Among the lines of the records, please find those that contain the word "koruma" and copy them.

++++ Data in this exercise

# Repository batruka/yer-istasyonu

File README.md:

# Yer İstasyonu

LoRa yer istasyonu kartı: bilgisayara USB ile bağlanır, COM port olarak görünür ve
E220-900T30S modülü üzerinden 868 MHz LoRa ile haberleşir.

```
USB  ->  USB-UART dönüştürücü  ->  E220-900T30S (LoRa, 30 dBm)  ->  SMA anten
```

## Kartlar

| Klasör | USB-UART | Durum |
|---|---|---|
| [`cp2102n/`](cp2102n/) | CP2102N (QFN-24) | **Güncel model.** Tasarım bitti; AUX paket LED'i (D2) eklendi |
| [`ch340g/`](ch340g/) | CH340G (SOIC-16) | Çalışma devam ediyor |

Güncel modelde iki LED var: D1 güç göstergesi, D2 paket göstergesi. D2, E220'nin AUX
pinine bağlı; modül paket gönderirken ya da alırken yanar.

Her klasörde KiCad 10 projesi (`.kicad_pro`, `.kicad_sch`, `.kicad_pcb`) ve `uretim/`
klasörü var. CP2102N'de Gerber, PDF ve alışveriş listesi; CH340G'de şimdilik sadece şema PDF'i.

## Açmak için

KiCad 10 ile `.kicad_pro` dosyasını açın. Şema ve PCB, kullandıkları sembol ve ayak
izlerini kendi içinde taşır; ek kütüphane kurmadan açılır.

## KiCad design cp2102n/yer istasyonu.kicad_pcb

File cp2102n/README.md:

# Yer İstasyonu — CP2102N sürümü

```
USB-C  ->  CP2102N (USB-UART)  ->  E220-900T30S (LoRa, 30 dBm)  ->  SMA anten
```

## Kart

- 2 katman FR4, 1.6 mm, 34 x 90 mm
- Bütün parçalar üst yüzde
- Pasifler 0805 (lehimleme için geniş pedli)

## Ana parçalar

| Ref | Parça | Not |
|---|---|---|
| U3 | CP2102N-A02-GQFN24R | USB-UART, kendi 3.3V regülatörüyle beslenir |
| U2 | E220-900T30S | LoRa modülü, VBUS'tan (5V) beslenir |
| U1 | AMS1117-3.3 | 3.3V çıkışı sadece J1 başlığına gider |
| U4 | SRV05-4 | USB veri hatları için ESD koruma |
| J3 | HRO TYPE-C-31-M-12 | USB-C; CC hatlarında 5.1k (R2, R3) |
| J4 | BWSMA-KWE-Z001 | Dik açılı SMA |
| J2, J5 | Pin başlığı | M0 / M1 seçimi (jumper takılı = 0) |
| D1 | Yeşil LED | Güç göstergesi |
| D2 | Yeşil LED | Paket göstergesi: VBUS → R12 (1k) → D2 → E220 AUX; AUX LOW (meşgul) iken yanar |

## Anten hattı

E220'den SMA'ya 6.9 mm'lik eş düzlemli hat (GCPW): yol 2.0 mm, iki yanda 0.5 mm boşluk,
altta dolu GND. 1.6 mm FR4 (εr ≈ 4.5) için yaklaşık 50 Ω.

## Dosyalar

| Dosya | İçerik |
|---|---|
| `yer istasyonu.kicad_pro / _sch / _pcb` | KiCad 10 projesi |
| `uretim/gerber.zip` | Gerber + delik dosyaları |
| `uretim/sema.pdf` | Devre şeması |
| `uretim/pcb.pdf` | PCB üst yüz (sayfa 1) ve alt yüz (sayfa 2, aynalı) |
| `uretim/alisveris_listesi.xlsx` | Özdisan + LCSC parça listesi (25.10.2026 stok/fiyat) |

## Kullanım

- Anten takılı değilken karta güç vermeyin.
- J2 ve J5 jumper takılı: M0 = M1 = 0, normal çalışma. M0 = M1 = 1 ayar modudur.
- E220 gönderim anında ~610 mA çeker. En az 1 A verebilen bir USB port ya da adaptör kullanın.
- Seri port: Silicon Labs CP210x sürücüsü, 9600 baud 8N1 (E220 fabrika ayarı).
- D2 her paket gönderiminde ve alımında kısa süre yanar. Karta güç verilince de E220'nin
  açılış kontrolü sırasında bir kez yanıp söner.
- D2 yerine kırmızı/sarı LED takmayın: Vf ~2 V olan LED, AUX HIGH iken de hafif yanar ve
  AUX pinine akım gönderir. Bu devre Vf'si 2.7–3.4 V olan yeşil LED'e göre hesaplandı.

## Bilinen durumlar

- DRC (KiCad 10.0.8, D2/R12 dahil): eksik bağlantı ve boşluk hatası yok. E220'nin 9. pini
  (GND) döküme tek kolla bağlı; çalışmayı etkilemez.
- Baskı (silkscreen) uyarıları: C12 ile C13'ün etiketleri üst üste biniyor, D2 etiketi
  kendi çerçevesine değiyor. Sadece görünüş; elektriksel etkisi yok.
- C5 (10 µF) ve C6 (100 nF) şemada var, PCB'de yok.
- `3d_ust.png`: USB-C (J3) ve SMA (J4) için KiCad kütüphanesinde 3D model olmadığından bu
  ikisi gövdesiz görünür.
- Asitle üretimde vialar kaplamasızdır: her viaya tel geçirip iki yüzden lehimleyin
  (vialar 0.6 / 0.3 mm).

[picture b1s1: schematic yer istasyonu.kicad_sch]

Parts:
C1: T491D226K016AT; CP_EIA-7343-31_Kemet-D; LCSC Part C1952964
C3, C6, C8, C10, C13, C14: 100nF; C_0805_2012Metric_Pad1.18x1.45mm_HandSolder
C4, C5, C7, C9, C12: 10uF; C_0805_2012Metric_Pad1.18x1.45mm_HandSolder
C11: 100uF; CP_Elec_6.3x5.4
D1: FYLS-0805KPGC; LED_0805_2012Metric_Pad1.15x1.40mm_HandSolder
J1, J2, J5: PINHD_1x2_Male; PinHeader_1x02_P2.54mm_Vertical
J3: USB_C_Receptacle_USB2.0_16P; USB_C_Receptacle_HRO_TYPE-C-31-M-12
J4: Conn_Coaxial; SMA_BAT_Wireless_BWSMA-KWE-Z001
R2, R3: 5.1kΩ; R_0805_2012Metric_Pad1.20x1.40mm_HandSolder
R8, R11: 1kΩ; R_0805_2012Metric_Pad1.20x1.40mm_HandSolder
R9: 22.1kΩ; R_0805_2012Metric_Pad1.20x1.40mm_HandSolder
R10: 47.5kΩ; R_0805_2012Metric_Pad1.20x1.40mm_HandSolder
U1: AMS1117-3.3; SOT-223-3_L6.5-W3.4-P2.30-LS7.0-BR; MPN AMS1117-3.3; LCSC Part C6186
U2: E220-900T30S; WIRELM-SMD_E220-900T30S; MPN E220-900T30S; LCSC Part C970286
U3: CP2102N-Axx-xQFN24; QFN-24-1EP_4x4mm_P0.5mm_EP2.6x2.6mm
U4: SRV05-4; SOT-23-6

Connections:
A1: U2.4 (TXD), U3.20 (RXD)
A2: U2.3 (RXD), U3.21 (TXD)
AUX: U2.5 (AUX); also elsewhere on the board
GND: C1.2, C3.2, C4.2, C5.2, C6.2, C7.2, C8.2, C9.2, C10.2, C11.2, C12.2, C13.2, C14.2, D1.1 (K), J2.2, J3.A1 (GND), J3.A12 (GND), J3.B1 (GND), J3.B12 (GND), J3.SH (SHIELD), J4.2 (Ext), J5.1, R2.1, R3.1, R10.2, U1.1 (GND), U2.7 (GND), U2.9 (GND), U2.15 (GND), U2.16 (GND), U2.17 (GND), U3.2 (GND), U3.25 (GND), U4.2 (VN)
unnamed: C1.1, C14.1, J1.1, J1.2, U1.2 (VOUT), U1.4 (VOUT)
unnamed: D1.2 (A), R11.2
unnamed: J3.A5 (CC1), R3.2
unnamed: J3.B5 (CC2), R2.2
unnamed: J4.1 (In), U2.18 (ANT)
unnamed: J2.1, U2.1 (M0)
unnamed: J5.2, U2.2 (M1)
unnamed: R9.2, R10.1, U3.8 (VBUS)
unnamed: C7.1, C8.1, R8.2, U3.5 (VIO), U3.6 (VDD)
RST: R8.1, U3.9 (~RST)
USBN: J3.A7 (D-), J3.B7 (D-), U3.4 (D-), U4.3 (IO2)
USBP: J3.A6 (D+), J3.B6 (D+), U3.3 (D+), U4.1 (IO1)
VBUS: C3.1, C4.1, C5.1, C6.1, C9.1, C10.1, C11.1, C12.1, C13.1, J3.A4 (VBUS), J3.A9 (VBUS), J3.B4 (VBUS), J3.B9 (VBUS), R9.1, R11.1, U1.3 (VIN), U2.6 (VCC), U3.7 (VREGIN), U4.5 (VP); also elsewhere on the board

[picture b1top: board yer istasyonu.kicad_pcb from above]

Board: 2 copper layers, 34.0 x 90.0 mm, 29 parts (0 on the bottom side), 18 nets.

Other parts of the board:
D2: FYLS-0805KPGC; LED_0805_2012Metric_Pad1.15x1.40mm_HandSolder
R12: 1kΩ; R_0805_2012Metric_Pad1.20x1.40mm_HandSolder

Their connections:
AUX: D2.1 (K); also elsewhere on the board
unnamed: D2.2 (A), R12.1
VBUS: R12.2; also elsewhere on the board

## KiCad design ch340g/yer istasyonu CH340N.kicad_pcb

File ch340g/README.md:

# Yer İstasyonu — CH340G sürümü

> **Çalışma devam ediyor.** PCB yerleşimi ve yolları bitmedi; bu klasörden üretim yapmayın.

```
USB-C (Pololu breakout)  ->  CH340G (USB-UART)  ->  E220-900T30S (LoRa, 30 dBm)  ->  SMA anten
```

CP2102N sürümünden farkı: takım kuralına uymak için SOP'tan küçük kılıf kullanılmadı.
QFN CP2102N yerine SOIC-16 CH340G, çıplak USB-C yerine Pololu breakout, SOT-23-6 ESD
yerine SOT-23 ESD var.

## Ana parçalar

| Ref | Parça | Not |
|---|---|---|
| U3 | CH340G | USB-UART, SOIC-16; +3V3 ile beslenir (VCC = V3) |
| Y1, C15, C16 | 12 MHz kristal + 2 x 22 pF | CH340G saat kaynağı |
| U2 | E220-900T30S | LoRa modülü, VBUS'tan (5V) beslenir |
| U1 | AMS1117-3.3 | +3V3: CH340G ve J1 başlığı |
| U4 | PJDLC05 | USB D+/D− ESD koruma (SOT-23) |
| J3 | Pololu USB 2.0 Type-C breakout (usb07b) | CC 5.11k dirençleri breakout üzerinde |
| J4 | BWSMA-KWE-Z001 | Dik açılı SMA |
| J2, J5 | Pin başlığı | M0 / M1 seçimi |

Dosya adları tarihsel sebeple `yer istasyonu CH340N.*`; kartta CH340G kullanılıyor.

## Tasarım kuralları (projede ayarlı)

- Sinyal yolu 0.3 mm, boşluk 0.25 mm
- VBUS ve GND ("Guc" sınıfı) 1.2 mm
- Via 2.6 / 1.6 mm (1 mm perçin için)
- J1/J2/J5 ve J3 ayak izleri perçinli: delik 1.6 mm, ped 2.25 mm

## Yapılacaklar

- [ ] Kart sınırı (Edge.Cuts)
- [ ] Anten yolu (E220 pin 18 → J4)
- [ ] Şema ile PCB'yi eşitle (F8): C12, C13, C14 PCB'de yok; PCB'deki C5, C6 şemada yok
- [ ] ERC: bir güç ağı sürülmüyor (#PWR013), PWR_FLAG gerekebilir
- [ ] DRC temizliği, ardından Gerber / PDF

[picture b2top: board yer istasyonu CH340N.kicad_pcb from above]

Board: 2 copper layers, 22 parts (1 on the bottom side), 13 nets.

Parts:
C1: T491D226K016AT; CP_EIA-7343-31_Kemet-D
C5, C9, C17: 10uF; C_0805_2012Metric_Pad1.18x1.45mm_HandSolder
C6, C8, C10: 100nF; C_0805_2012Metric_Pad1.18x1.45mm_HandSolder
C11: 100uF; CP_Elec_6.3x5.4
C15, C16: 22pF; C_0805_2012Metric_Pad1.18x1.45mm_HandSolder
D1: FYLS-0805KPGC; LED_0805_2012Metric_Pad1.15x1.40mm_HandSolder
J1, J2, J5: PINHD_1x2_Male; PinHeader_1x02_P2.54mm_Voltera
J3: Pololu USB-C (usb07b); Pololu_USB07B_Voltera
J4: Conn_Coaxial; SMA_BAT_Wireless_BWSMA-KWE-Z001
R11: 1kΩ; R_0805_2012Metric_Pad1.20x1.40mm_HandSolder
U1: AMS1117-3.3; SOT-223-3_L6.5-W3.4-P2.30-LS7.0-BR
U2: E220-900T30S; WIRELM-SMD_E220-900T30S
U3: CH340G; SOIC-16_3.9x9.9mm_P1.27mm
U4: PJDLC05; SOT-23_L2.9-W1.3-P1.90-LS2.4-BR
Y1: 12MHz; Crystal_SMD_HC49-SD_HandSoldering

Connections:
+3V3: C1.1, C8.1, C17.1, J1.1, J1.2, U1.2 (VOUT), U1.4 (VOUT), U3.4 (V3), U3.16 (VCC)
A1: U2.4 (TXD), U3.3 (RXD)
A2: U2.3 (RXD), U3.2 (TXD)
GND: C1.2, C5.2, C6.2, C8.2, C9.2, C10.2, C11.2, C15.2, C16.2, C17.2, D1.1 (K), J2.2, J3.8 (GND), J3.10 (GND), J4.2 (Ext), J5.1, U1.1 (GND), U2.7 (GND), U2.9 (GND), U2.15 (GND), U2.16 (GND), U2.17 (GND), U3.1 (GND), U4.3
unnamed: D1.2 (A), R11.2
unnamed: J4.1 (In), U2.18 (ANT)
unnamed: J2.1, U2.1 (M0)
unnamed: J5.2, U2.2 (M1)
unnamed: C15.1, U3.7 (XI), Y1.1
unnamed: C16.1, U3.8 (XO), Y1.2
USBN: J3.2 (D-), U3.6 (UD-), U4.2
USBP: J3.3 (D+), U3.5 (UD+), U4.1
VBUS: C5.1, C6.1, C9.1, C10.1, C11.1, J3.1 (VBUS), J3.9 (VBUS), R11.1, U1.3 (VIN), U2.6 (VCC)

++++++++

**Response:**
| U4 | SRV05-4 | USB veri hatları için ESD koruma |
| U4 | PJDLC05 | USB D+/D− ESD koruma (SOT-23) |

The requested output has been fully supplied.